Page MenuHomePhabricator

Determine if IGUANA and TFT would fit our query analysis needs
Closed, ResolvedPublic8 Estimated Story Points

Description

TFT (compliance test) and IGUANA (perf testing) are two frameworks that were evaluated by Andrea (see https://wikitech.wikimedia.org/wiki/User:AndreaWest/WDQS_Testing).

We should evaluate if these two frameworks are suitable for our offline query evaluation.

At a glance we would need:

  • [TFT] a way to record the expected outcome of a query
  • [TFT] run a compliance test (evaluate the time it might require)
  • [IGUANA] run perf test on a set of queries

AC:

  • Determine if TFT & IGUANA are adapted to our needs
  • Estimate possible adaptations to make to these frameworks suitable to our usecases

Event Timeline

To clarify ... TFT needs to be updated to test the current RDF, RDF*, SPARQL definitions.
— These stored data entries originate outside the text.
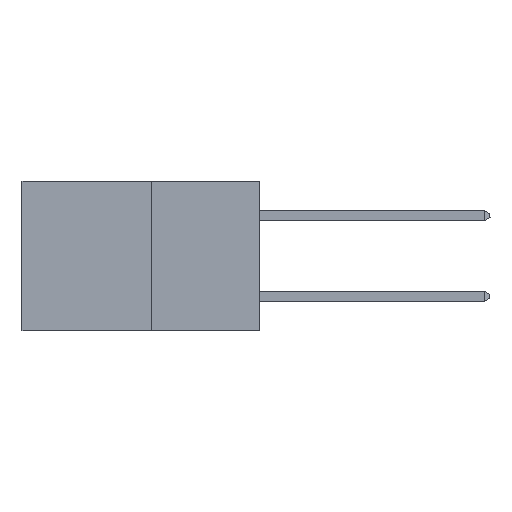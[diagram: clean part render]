
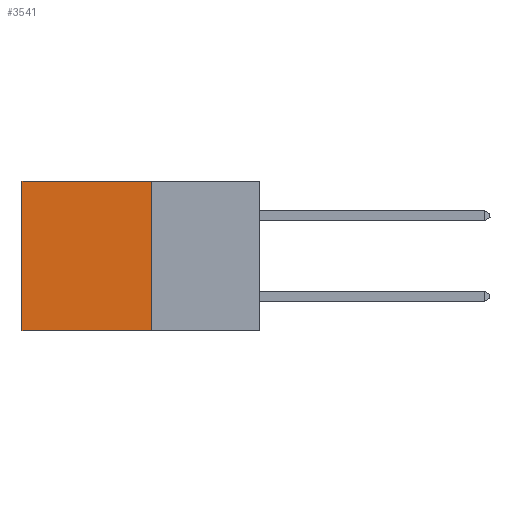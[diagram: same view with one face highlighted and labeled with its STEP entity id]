
A CAD part, left-side view. The second image highlights one B-rep face of the part: STEP entity #3541.
In plain terms, the highlighted planar face has unit normal (-1, 0, 0).
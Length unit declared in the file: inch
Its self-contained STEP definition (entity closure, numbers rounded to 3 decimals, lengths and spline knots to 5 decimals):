
#1072 = VERTEX_POINT ( 'NONE', #5807 ) ;
#1225 = DIRECTION ( 'NONE',  ( 0., 0., -1. ) ) ;
#2156 = DIRECTION ( 'NONE',  ( 0., 1., 0. ) ) ;
#2679 = CARTESIAN_POINT ( 'NONE',  ( 0.277, 0.27, -0.37 ) ) ;
#2887 = LINE ( 'NONE', #32010, #14963 ) ;
#3411 = ORIENTED_EDGE ( 'NONE', *, *, #26725, .F. ) ;
#3541 = ADVANCED_FACE ( 'NONE', ( #21943 ), #15513, .F. ) ;
#3556 = VERTEX_POINT ( 'NONE', #25854 ) ;
#4409 = VERTEX_POINT ( 'NONE', #31718 ) ;
#4774 = CARTESIAN_POINT ( 'NONE',  ( 0.277, 0.27, -0.37 ) ) ;
#5250 = EDGE_CURVE ( 'NONE', #4409, #3556, #2887, .T. ) ;
#5292 = DIRECTION ( 'NONE',  ( 0., 0., -1. ) ) ;
#5807 = CARTESIAN_POINT ( 'NONE',  ( 0.277, 0.59, 0. ) ) ;
#7217 = VERTEX_POINT ( 'NONE', #7235 ) ;
#7235 = CARTESIAN_POINT ( 'NONE',  ( 0.277, 0.59, -0.37 ) ) ;
#9843 = ORIENTED_EDGE ( 'NONE', *, *, #5250, .F. ) ;
#11344 = VECTOR ( 'NONE', #2156, 39.37008 ) ;
#14120 = ORIENTED_EDGE ( 'NONE', *, *, #18356, .T. ) ;
#14267 = VECTOR ( 'NONE', #27062, 39.37008 ) ;
#14278 = CARTESIAN_POINT ( 'NONE',  ( 0.277, 0.59, -0.37 ) ) ;
#14963 = VECTOR ( 'NONE', #1225, 39.37008 ) ;
#15513 = PLANE ( 'NONE',  #29508 ) ;
#17505 = VECTOR ( 'NONE', #27039, 39.37008 ) ;
#17785 = EDGE_CURVE ( 'NONE', #4409, #1072, #18321, .T. ) ;
#18321 = LINE ( 'NONE', #19302, #17505 ) ;
#18356 = EDGE_CURVE ( 'NONE', #1072, #7217, #21875, .T. ) ;
#19302 = CARTESIAN_POINT ( 'NONE',  ( 0.277, 0.27, 0. ) ) ;
#20667 = DIRECTION ( 'NONE',  ( 1., 0., 0. ) ) ;
#21875 = LINE ( 'NONE', #14278, #14267 ) ;
#21943 = FACE_OUTER_BOUND ( 'NONE', #31124, .T. ) ;
#25299 = LINE ( 'NONE', #4774, #11344 ) ;
#25854 = CARTESIAN_POINT ( 'NONE',  ( 0.277, 0.27, -0.37 ) ) ;
#26725 = EDGE_CURVE ( 'NONE', #3556, #7217, #25299, .T. ) ;
#27039 = DIRECTION ( 'NONE',  ( 0., 1., 0. ) ) ;
#27062 = DIRECTION ( 'NONE',  ( 0., 0., -1. ) ) ;
#29508 = AXIS2_PLACEMENT_3D ( 'NONE', #2679, #20667, #5292 ) ;
#30707 = ORIENTED_EDGE ( 'NONE', *, *, #17785, .T. ) ;
#31124 = EDGE_LOOP ( 'NONE', ( #14120, #3411, #9843, #30707 ) ) ;
#31718 = CARTESIAN_POINT ( 'NONE',  ( 0.277, 0.27, 0. ) ) ;
#32010 = CARTESIAN_POINT ( 'NONE',  ( 0.277, 0.27, -0.37 ) ) ;

The current definitions that were migrated are out of date.

IGUANA needs the tests defined that reflect the characteristics that were specified.

Without these changes, the infrastructures are useable - but not useful.

So, it is likely that the estimate of "8" points is low.

@AWesterinen thanks for the heads-up, the scope of this ticket is to determine if these tools can be useful in the context of an offline analysis of the wikidata vs scholarly article split (adapting TFT to newer RDF standards is definitely out of scope of this ticket).
It is very possible that these tools are too specific for this need and we might have to write our own but we thought that this graph split project could be a good opportunity for us to learn these tools.

@dcausse I have the work item to update TFT to the latest tests on my to-do list. I can try to prioritize it higher, if that is valuable to you.

It is probably 3-4 days of work.

Completing IGUANA would require more work to get basic functionality. Maybe 2-3 weeks? (top of head guess)

TFT
does not seem appropriate for the kind of tests we have to make within the scope of the graph split project, it does not provide anything to ease the creation of test sets, I created T351819 to create such tooling.
IGUANA
does seem more promising, after a couple fixes I was able to run a simple test against our public endpoint, User:AndreaWest/WDQS_Testing/Running_Iguana#How_to_Change_or_Extend_the_Tests_and_Infrastructure gives a good overview of the extracted metrics. The test output in its current format (RDF) might not be directly actionable by a data-analyst and might need some transformation to a kind of tabular data.
I used IGUANA version 3.3.3 and had to apply several fixes (I forked in https://gitlab.wikimedia.org/repos/search-platform/IGUANA), we should consider using the new metrics added by Andrea in QPSMetric (meanQueryTime, geometricMeanQueryTime, min, max and their penalized version).
I attempted to upstream my fixes but it appears that the IGUANA maintainers no longer want to maintain the 3.x branch because they're working on a v4 version which is a major refactor, I did not have time to look too deeply into it...
For the wdqs graph split needs it might OK to use our v3.3.3 fork but for blazegraph alternatives evaluation we might consider rebasing Andrea's work on the upcoming v4 branch depending on its status.